Task details:
Beginning with the first line, retype exactly the records below up to and including the line with "for name, color, linetype in"; pictures do not belong in the copy.

Entries taken from a collection
┌──

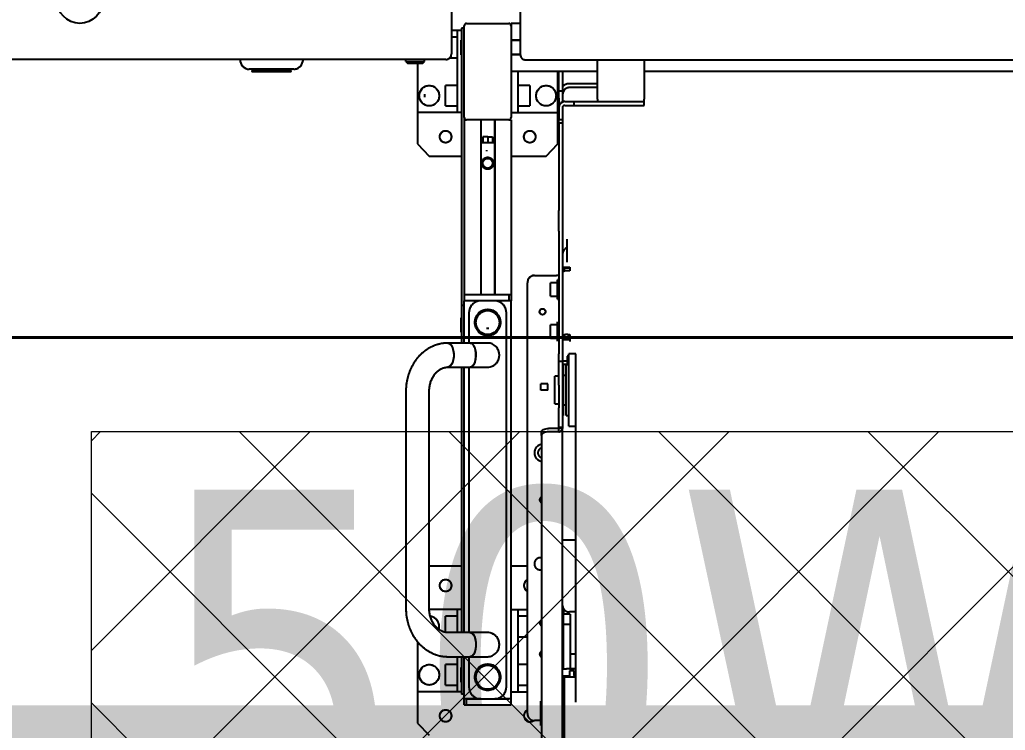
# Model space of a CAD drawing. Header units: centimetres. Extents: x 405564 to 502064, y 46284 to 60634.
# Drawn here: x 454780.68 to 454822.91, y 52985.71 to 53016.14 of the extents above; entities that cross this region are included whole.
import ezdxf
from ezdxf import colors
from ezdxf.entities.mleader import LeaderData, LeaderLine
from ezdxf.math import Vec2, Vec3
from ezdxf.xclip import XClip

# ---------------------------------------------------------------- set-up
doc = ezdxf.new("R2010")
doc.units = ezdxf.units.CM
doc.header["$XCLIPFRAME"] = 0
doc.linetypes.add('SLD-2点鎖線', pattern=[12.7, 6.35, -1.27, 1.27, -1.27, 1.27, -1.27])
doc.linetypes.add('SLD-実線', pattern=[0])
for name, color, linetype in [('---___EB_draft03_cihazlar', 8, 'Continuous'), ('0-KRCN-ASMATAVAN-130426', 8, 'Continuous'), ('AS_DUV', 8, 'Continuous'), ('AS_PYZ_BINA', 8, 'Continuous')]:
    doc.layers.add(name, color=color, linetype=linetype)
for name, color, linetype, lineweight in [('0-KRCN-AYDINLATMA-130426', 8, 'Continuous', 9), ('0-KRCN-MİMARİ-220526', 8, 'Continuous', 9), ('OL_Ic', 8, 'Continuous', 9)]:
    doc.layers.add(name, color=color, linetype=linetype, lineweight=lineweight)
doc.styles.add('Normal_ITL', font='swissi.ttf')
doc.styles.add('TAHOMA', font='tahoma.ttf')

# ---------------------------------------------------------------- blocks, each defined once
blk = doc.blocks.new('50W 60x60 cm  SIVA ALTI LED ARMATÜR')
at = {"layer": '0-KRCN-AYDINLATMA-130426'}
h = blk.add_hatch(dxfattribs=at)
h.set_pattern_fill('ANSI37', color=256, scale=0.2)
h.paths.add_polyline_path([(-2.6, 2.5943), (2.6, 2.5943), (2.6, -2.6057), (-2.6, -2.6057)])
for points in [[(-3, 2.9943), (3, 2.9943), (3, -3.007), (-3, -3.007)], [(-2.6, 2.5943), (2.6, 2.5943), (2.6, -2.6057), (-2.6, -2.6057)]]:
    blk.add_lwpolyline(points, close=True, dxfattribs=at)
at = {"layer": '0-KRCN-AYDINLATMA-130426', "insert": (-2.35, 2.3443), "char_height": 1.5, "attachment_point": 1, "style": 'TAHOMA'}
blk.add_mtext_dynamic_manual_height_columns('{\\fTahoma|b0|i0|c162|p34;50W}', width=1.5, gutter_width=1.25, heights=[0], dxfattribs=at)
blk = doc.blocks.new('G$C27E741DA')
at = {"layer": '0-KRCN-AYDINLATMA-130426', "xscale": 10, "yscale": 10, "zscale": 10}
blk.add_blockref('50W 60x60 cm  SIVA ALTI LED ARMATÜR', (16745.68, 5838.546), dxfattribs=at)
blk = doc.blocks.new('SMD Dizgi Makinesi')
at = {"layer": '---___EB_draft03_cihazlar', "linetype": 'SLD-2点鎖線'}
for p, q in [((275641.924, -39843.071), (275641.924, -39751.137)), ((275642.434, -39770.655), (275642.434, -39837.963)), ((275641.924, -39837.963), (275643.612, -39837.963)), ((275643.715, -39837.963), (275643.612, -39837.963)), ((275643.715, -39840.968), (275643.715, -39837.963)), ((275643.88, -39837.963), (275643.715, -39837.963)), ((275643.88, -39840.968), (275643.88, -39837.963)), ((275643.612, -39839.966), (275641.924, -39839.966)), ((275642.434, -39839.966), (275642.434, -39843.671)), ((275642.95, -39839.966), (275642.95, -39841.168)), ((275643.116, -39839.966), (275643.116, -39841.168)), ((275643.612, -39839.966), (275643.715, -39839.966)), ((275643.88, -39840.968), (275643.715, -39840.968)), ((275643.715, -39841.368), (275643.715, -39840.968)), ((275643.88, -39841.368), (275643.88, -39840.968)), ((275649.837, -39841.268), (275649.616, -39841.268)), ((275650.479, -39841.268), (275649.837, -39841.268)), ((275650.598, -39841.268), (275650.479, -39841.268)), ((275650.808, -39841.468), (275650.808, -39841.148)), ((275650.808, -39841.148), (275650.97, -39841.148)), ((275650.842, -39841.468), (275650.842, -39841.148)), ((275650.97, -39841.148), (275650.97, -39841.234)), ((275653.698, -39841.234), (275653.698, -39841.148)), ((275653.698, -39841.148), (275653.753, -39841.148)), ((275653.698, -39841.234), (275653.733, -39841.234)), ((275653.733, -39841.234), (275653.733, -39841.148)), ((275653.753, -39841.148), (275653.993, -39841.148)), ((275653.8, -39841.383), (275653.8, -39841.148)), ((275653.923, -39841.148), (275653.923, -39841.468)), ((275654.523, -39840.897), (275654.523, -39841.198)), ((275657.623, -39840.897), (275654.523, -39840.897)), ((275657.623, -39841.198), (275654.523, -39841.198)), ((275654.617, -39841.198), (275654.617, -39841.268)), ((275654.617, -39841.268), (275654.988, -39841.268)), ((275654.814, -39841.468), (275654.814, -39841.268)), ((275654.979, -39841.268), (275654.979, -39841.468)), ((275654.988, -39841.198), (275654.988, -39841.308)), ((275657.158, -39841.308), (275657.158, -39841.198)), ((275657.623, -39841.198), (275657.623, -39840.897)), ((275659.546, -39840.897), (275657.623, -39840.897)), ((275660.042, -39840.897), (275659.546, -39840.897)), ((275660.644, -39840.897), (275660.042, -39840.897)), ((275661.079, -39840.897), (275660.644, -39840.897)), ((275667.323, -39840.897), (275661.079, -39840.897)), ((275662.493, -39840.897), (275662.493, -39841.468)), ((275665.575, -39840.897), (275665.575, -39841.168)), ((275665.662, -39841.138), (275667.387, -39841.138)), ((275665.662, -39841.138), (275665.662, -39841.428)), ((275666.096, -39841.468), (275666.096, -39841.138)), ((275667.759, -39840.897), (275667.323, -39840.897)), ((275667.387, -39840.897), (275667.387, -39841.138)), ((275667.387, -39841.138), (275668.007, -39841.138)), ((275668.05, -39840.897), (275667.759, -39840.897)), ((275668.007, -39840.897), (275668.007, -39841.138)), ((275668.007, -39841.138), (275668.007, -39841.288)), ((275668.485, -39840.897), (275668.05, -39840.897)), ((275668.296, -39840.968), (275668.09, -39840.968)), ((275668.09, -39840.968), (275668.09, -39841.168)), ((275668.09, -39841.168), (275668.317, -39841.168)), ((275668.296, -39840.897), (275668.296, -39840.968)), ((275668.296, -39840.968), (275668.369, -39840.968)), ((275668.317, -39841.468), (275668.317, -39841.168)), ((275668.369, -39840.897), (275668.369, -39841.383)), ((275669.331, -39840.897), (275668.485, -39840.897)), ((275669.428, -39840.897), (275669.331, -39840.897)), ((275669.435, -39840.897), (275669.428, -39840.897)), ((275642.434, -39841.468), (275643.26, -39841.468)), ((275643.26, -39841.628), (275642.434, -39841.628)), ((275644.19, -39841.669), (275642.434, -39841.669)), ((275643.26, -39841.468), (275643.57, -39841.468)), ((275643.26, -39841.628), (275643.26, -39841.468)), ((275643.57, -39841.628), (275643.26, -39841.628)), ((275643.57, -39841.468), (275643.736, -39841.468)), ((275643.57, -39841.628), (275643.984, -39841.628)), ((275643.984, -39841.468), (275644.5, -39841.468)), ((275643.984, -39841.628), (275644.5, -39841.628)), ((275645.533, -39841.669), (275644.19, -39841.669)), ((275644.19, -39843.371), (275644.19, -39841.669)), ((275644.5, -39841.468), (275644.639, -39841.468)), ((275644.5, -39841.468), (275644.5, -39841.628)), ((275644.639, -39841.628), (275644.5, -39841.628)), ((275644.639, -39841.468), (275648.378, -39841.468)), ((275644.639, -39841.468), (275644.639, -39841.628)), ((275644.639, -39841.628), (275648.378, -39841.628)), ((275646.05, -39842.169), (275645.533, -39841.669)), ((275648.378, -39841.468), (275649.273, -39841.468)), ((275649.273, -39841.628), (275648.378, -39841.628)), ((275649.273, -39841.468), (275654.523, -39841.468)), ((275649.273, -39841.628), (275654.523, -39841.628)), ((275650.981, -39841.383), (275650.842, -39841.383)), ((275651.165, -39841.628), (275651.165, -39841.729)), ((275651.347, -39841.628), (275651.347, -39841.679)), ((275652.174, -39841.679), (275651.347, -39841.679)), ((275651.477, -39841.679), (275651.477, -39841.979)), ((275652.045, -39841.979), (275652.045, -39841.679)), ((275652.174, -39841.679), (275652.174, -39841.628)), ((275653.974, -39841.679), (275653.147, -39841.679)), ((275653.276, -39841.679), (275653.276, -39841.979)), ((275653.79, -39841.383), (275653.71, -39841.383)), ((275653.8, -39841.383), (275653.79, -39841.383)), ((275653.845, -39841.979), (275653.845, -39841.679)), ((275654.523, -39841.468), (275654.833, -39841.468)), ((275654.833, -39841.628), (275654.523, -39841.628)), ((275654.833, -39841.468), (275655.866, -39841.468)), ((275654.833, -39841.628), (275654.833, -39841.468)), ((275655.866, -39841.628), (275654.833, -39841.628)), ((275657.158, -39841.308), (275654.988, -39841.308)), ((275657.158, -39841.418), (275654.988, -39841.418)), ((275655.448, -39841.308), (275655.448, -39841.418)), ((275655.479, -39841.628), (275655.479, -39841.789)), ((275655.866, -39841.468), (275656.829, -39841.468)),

└──

Task solution:
# Model space of a CAD drawing. Header units: centimetres. Extents: x 405564 to 502064, y 46284 to 60634.
# Drawn here: x 454780.68 to 454822.91, y 52985.71 to 53016.14 of the extents above; entities that cross this region are included whole.
import ezdxf
from ezdxf import colors
from ezdxf.entities.mleader import LeaderData, LeaderLine
from ezdxf.math import Vec2, Vec3
from ezdxf.xclip import XClip

# ---------------------------------------------------------------- set-up
doc = ezdxf.new("R2010")
doc.units = ezdxf.units.CM
doc.header["$XCLIPFRAME"] = 0
doc.linetypes.add('SLD-2点鎖線', pattern=[12.7, 6.35, -1.27, 1.27, -1.27, 1.27, -1.27])
doc.linetypes.add('SLD-実線', pattern=[0])
for name, color, linetype in [('---___EB_draft03_cihazlar', 8, 'Continuous'), ('0-KRCN-ASMATAVAN-130426', 8, 'Continuous'), ('AS_DUV', 8, 'Continuous'), ('AS_PYZ_BINA', 8, 'Continuous')]:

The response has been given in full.